Your bankruptcy case can stay on your credit report for up to 10 years, but that does not mean that you are barred from doing all the things you did before – so do not lose heart, you can reestablish your credit rating.

The key is to qualify for loans with good interest rates. It should take approximately 3 years to qualify for the better mortgage interest rates and less time to get a decent interest rate on a car loan.

So, how to get started. Get a credit card, yes – that might have gotten you in trouble in the past but now you are wiser. Get ONE card and try to get one with low fees if possible. You may have to start with a “secured” card. This is a card that is backed up by a deposit at the bank issuing the card that the Bank can draw against if you do not make the payments. The card limit will be low, (matching the deposit you have with the bank securing the credit given), so this will keep you from over spending on the card. But remember, you want to make timely payments on the card to build your credit worthiness and to avoid interest charges!

Beware that some lenders have cards out there with just outrageous interest rates and application fees. Use the internet to find credit cards with the best terms. www.bankrate.com is a site that, among other things, lets you care credit card rates and make application right from the site. Be certain that the bank issuing the new card will report your payment history to Experian, Trans Union and Equifax, the “big three” of credit reporting agencies.
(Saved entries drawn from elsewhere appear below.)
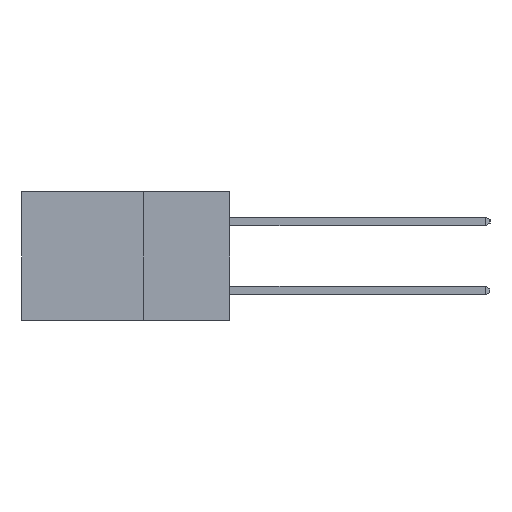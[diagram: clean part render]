
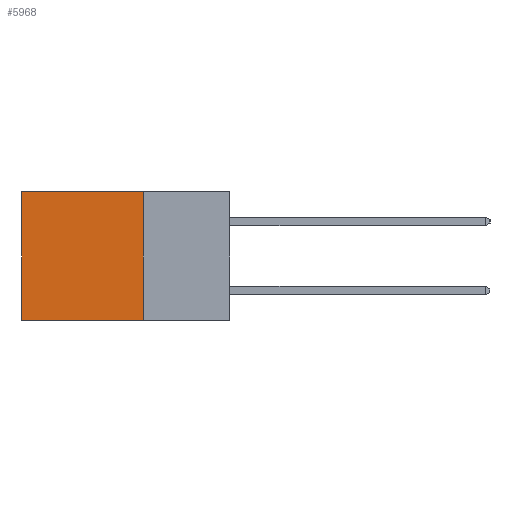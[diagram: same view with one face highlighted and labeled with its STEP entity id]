
A CAD part, left-side view. The second image highlights one B-rep face of the part: STEP entity #5968.
In plain terms, the highlighted planar face has unit normal (-1, 0, 0).
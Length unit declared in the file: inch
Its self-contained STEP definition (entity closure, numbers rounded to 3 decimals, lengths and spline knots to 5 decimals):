
#1831 = CARTESIAN_POINT ( 'NONE',  ( 0.2615, 0.25, -0.37 ) ) ;
#2364 = VERTEX_POINT ( 'NONE', #19285 ) ;
#3838 = EDGE_CURVE ( 'NONE', #2364, #9778, #7781, .T. ) ;
#4148 = VERTEX_POINT ( 'NONE', #20449 ) ;
#4726 = ORIENTED_EDGE ( 'NONE', *, *, #20713, .T. ) ;
#4728 = EDGE_CURVE ( 'NONE', #9778, #13834, #6476, .T. ) ;
#4893 = DIRECTION ( 'NONE',  ( 1., 0., 0. ) ) ;
#5968 = ADVANCED_FACE ( 'NONE', ( #25022 ), #10956, .F. ) ;
#6476 = LINE ( 'NONE', #1831, #16564 ) ;
#7327 = ORIENTED_EDGE ( 'NONE', *, *, #4728, .F. ) ;
#7717 = LINE ( 'NONE', #13781, #17188 ) ;
#7781 = LINE ( 'NONE', #22393, #12544 ) ;
#9554 = CARTESIAN_POINT ( 'NONE',  ( 0.2615, 0.6, -0.37 ) ) ;
#9778 = VERTEX_POINT ( 'NONE', #22909 ) ;
#10956 = PLANE ( 'NONE',  #17584 ) ;
#11857 = DIRECTION ( 'NONE',  ( 0., 1., 0. ) ) ;
#12544 = VECTOR ( 'NONE', #22417, 39.37008 ) ;
#13305 = EDGE_CURVE ( 'NONE', #2364, #4148, #7717, .T. ) ;
#13781 = CARTESIAN_POINT ( 'NONE',  ( 0.2615, 0.25, 0. ) ) ;
#13834 = VERTEX_POINT ( 'NONE', #9554 ) ;
#14605 = CARTESIAN_POINT ( 'NONE',  ( 0.2615, 0.6, -0.37 ) ) ;
#14660 = EDGE_LOOP ( 'NONE', ( #4726, #7327, #17093, #15931 ) ) ;
#15931 = ORIENTED_EDGE ( 'NONE', *, *, #13305, .T. ) ;
#16051 = LINE ( 'NONE', #14605, #16671 ) ;
#16564 = VECTOR ( 'NONE', #17037, 39.37008 ) ;
#16614 = DIRECTION ( 'NONE',  ( 0., 0., -1. ) ) ;
#16671 = VECTOR ( 'NONE', #16614, 39.37008 ) ;
#16999 = CARTESIAN_POINT ( 'NONE',  ( 0.2615, 0.25, -0.37 ) ) ;
#17037 = DIRECTION ( 'NONE',  ( 0., 1., 0. ) ) ;
#17093 = ORIENTED_EDGE ( 'NONE', *, *, #3838, .F. ) ;
#17188 = VECTOR ( 'NONE', #11857, 39.37008 ) ;
#17584 = AXIS2_PLACEMENT_3D ( 'NONE', #16999, #4893, #19031 ) ;
#19031 = DIRECTION ( 'NONE',  ( 0., 0., -1. ) ) ;
#19285 = CARTESIAN_POINT ( 'NONE',  ( 0.2615, 0.25, 0. ) ) ;
#20449 = CARTESIAN_POINT ( 'NONE',  ( 0.2615, 0.6, 0. ) ) ;
#20713 = EDGE_CURVE ( 'NONE', #4148, #13834, #16051, .T. ) ;
#22393 = CARTESIAN_POINT ( 'NONE',  ( 0.2615, 0.25, -0.37 ) ) ;
#22417 = DIRECTION ( 'NONE',  ( 0., 0., -1. ) ) ;
#22909 = CARTESIAN_POINT ( 'NONE',  ( 0.2615, 0.25, -0.37 ) ) ;
#25022 = FACE_OUTER_BOUND ( 'NONE', #14660, .T. ) ;
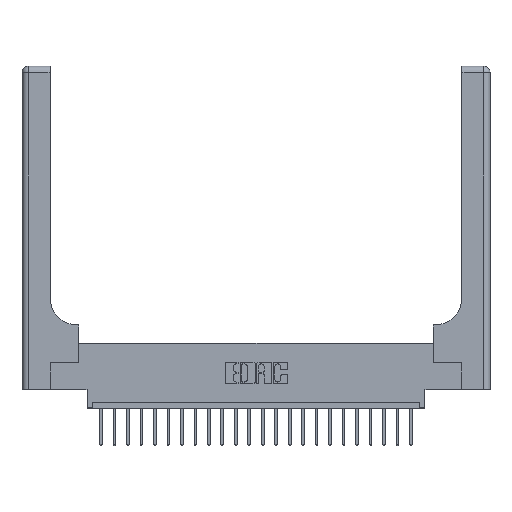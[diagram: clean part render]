
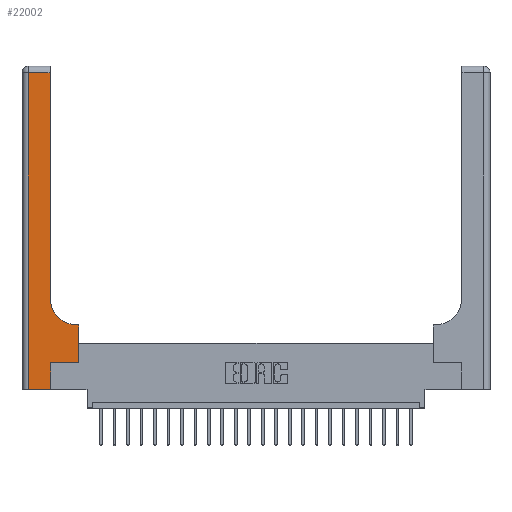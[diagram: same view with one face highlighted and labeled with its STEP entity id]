
A CAD part, top view. The second image highlights one B-rep face of the part: STEP entity #22002.
In plain terms, the highlighted planar face has unit normal (0, 0, 1).
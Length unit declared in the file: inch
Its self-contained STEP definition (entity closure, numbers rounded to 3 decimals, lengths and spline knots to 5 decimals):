
#860 = ORIENTED_EDGE ( 'NONE', *, *, #4540, .T. ) ;
#956 = ORIENTED_EDGE ( 'NONE', *, *, #17757, .T. ) ;
#1184 = EDGE_CURVE ( 'NONE', #16514, #21047, #18964, .T. ) ;
#1452 = CARTESIAN_POINT ( 'NONE',  ( 0.26, 3., 0.37 ) ) ;
#1758 = CARTESIAN_POINT ( 'NONE',  ( 0.528, 0.25, 0.37 ) ) ;
#2264 = DIRECTION ( 'NONE',  ( -1., 0., 0. ) ) ;
#2512 = CARTESIAN_POINT ( 'NONE',  ( 0.51, 0.85, 0.37 ) ) ;
#3030 = VERTEX_POINT ( 'NONE', #13563 ) ;
#3542 = DIRECTION ( 'NONE',  ( 0., 1., 0. ) ) ;
#3850 = EDGE_CURVE ( 'NONE', #17788, #13580, #21428, .T. ) ;
#3981 = CIRCLE ( 'NONE', #13680, 0.25 ) ;
#4122 = LINE ( 'NONE', #12991, #8092 ) ;
#4367 = DIRECTION ( 'NONE',  ( 1., 0., 0. ) ) ;
#4520 = ORIENTED_EDGE ( 'NONE', *, *, #20509, .T. ) ;
#4539 = EDGE_LOOP ( 'NONE', ( #12520, #20703, #9041, #860, #22827, #956, #18592, #10675, #4520 ) ) ;
#4540 = EDGE_CURVE ( 'NONE', #21047, #13183, #22746, .T. ) ;
#4977 = CARTESIAN_POINT ( 'NONE',  ( 0.528, 0.25, 0.37 ) ) ;
#5408 = DIRECTION ( 'NONE',  ( -1., 0., 0. ) ) ;
#5410 = CARTESIAN_POINT ( 'NONE',  ( 0.26, 0.6, 0.37 ) ) ;
#6060 = VECTOR ( 'NONE', #19617, 39.37008 ) ;
#6388 = DIRECTION ( 'NONE',  ( 1., 0., 0. ) ) ;
#7308 = VECTOR ( 'NONE', #6388, 39.37008 ) ;
#7372 = DIRECTION ( 'NONE',  ( 0., 1., 0. ) ) ;
#8092 = VECTOR ( 'NONE', #17781, 39.37008 ) ;
#8501 = AXIS2_PLACEMENT_3D ( 'NONE', #10665, #19775, #5408 ) ;
#8605 = CARTESIAN_POINT ( 'NONE',  ( 0., 0., 0.37 ) ) ;
#8743 = CARTESIAN_POINT ( 'NONE',  ( 0.528, 0.6, 0.37 ) ) ;
#9041 = ORIENTED_EDGE ( 'NONE', *, *, #1184, .T. ) ;
#10665 = CARTESIAN_POINT ( 'NONE',  ( 0., 3., 0.37 ) ) ;
#10675 = ORIENTED_EDGE ( 'NONE', *, *, #3850, .T. ) ;
#12109 = EDGE_CURVE ( 'NONE', #20172, #17788, #12489, .T. ) ;
#12306 = PLANE ( 'NONE',  #8501 ) ;
#12427 = VECTOR ( 'NONE', #7372, 39.37008 ) ;
#12489 = LINE ( 'NONE', #1758, #6060 ) ;
#12520 = ORIENTED_EDGE ( 'NONE', *, *, #20698, .T. ) ;
#12707 = CARTESIAN_POINT ( 'NONE',  ( 0.06, 2.94, 0.37 ) ) ;
#12991 = CARTESIAN_POINT ( 'NONE',  ( 0., 2.94, 0.37 ) ) ;
#13183 = VERTEX_POINT ( 'NONE', #19075 ) ;
#13563 = CARTESIAN_POINT ( 'NONE',  ( 0.26, 0.85, 0.37 ) ) ;
#13580 = VERTEX_POINT ( 'NONE', #21351 ) ;
#13680 = AXIS2_PLACEMENT_3D ( 'NONE', #2512, #20384, #4367 ) ;
#14725 = EDGE_CURVE ( 'NONE', #13183, #22139, #16025, .T. ) ;
#15343 = CARTESIAN_POINT ( 'NONE',  ( 0.06, 3., 0.37 ) ) ;
#15636 = LINE ( 'NONE', #22770, #21496 ) ;
#15750 = DIRECTION ( 'NONE',  ( 1., 0., 0. ) ) ;
#16025 = LINE ( 'NONE', #16253, #12427 ) ;
#16037 = FACE_OUTER_BOUND ( 'NONE', #4539, .T. ) ;
#16253 = CARTESIAN_POINT ( 'NONE',  ( 0.265, 0., 0.37 ) ) ;
#16514 = VERTEX_POINT ( 'NONE', #12707 ) ;
#16557 = CARTESIAN_POINT ( 'NONE',  ( 0.26, 2.94, 0.37 ) ) ;
#17088 = DIRECTION ( 'NONE',  ( 0., -1., 0. ) ) ;
#17695 = VECTOR ( 'NONE', #17088, 39.37008 ) ;
#17757 = EDGE_CURVE ( 'NONE', #22139, #20172, #15636, .T. ) ;
#17781 = DIRECTION ( 'NONE',  ( -1., 0., 0. ) ) ;
#17788 = VERTEX_POINT ( 'NONE', #8743 ) ;
#18592 = ORIENTED_EDGE ( 'NONE', *, *, #12109, .T. ) ;
#18782 = EDGE_CURVE ( 'NONE', #22976, #16514, #4122, .T. ) ;
#18902 = VECTOR ( 'NONE', #2264, 39.37008 ) ;
#18964 = LINE ( 'NONE', #15343, #17695 ) ;
#19075 = CARTESIAN_POINT ( 'NONE',  ( 0.265, 0., 0.37 ) ) ;
#19617 = DIRECTION ( 'NONE',  ( 0., 1., 0. ) ) ;
#19775 = DIRECTION ( 'NONE',  ( 0., 0., -1. ) ) ;
#20172 = VERTEX_POINT ( 'NONE', #4977 ) ;
#20384 = DIRECTION ( 'NONE',  ( 0., 0., -1. ) ) ;
#20509 = EDGE_CURVE ( 'NONE', #13580, #3030, #3981, .T. ) ;
#20698 = EDGE_CURVE ( 'NONE', #3030, #22976, #21070, .T. ) ;
#20703 = ORIENTED_EDGE ( 'NONE', *, *, #18782, .T. ) ;
#21047 = VERTEX_POINT ( 'NONE', #22105 ) ;
#21070 = LINE ( 'NONE', #1452, #22270 ) ;
#21351 = CARTESIAN_POINT ( 'NONE',  ( 0.51, 0.6, 0.37 ) ) ;
#21428 = LINE ( 'NONE', #5410, #18902 ) ;
#21496 = VECTOR ( 'NONE', #15750, 39.37008 ) ;
#22002 = ADVANCED_FACE ( 'NONE', ( #16037 ), #12306, .F. ) ;
#22105 = CARTESIAN_POINT ( 'NONE',  ( 0.06, 0., 0.37 ) ) ;
#22112 = CARTESIAN_POINT ( 'NONE',  ( 0.265, 0.25, 0.37 ) ) ;
#22139 = VERTEX_POINT ( 'NONE', #22112 ) ;
#22270 = VECTOR ( 'NONE', #3542, 39.37008 ) ;
#22746 = LINE ( 'NONE', #8605, #7308 ) ;
#22770 = CARTESIAN_POINT ( 'NONE',  ( 0.265, 0.25, 0.37 ) ) ;
#22827 = ORIENTED_EDGE ( 'NONE', *, *, #14725, .T. ) ;
#22976 = VERTEX_POINT ( 'NONE', #16557 ) ;

You want to establish that you are making timely, reliable payments on your debts.

You will be able to get new credit cards as now you have little or no debt and the banks know that you can not file another bankruptcy and get another discharge for some time.

You must be certain that you are making the proper payment, on time EVERY TIME! A late payment will set you back and drop your credit score. By paying the debt on time you are building your credit score but you are also avoiding steep interest charges and unnecessary expense.

As the months pass and you continue to use your credit card and make timely payment, you may see your credit card interest rates fall. After approximately 1 year of on time payments you may want to contact your credit card issuer and try to negotiate a lower interest rate based on your year of good payment history.

If you need a car, a years worth of on time payments to your credit card issuer on your credit report can go a long way in helping you get that loan. Initial interest rates can be high, but as your history of reliable payments continues, you may be able to refinance the car loan on better terms later on – remember, the car loan is going to last several years in most cases.

Be sure not to forget what you learned in your bankruptcy case – credit card debt can spiral out of control rapidly if not handled wisely. Keep low limits on your credit cards – handling your debt well will result in offers of higher and higher credit limits, do not fall into that trap. Pay your debt quickly and you will not need high credit limits. Live within your means. This also means setting something aside each week for savings. Ask the bank to set up an “automatic” savings plan for you so that when you deposit your pay check to your checking account each period, a small amount is automatically diverted to a savings account or money market account or IRA account. Making it automatic ensures that you save regularly. Having cash savings allows you to handle unexpected emergency expenses and to demonstrate financial solvency when you seek to obtain different types of credit.

Setting yourself up for a mortgage. Some home loan programs will not consider you for a mortgage if you have filed a bankruptcy case in the previous four years. The Federal Housing Administration (FHA) often will lend after only two years out of bankruptcy.

Given the tremendous number of homes that have been foreclosed upon recently and the tremendous inventory of real estate owned by the banks at this time, it would not be surprising that the banks may be more flexible in their mortgage lending practices when trying to sell their own foreclosed properties.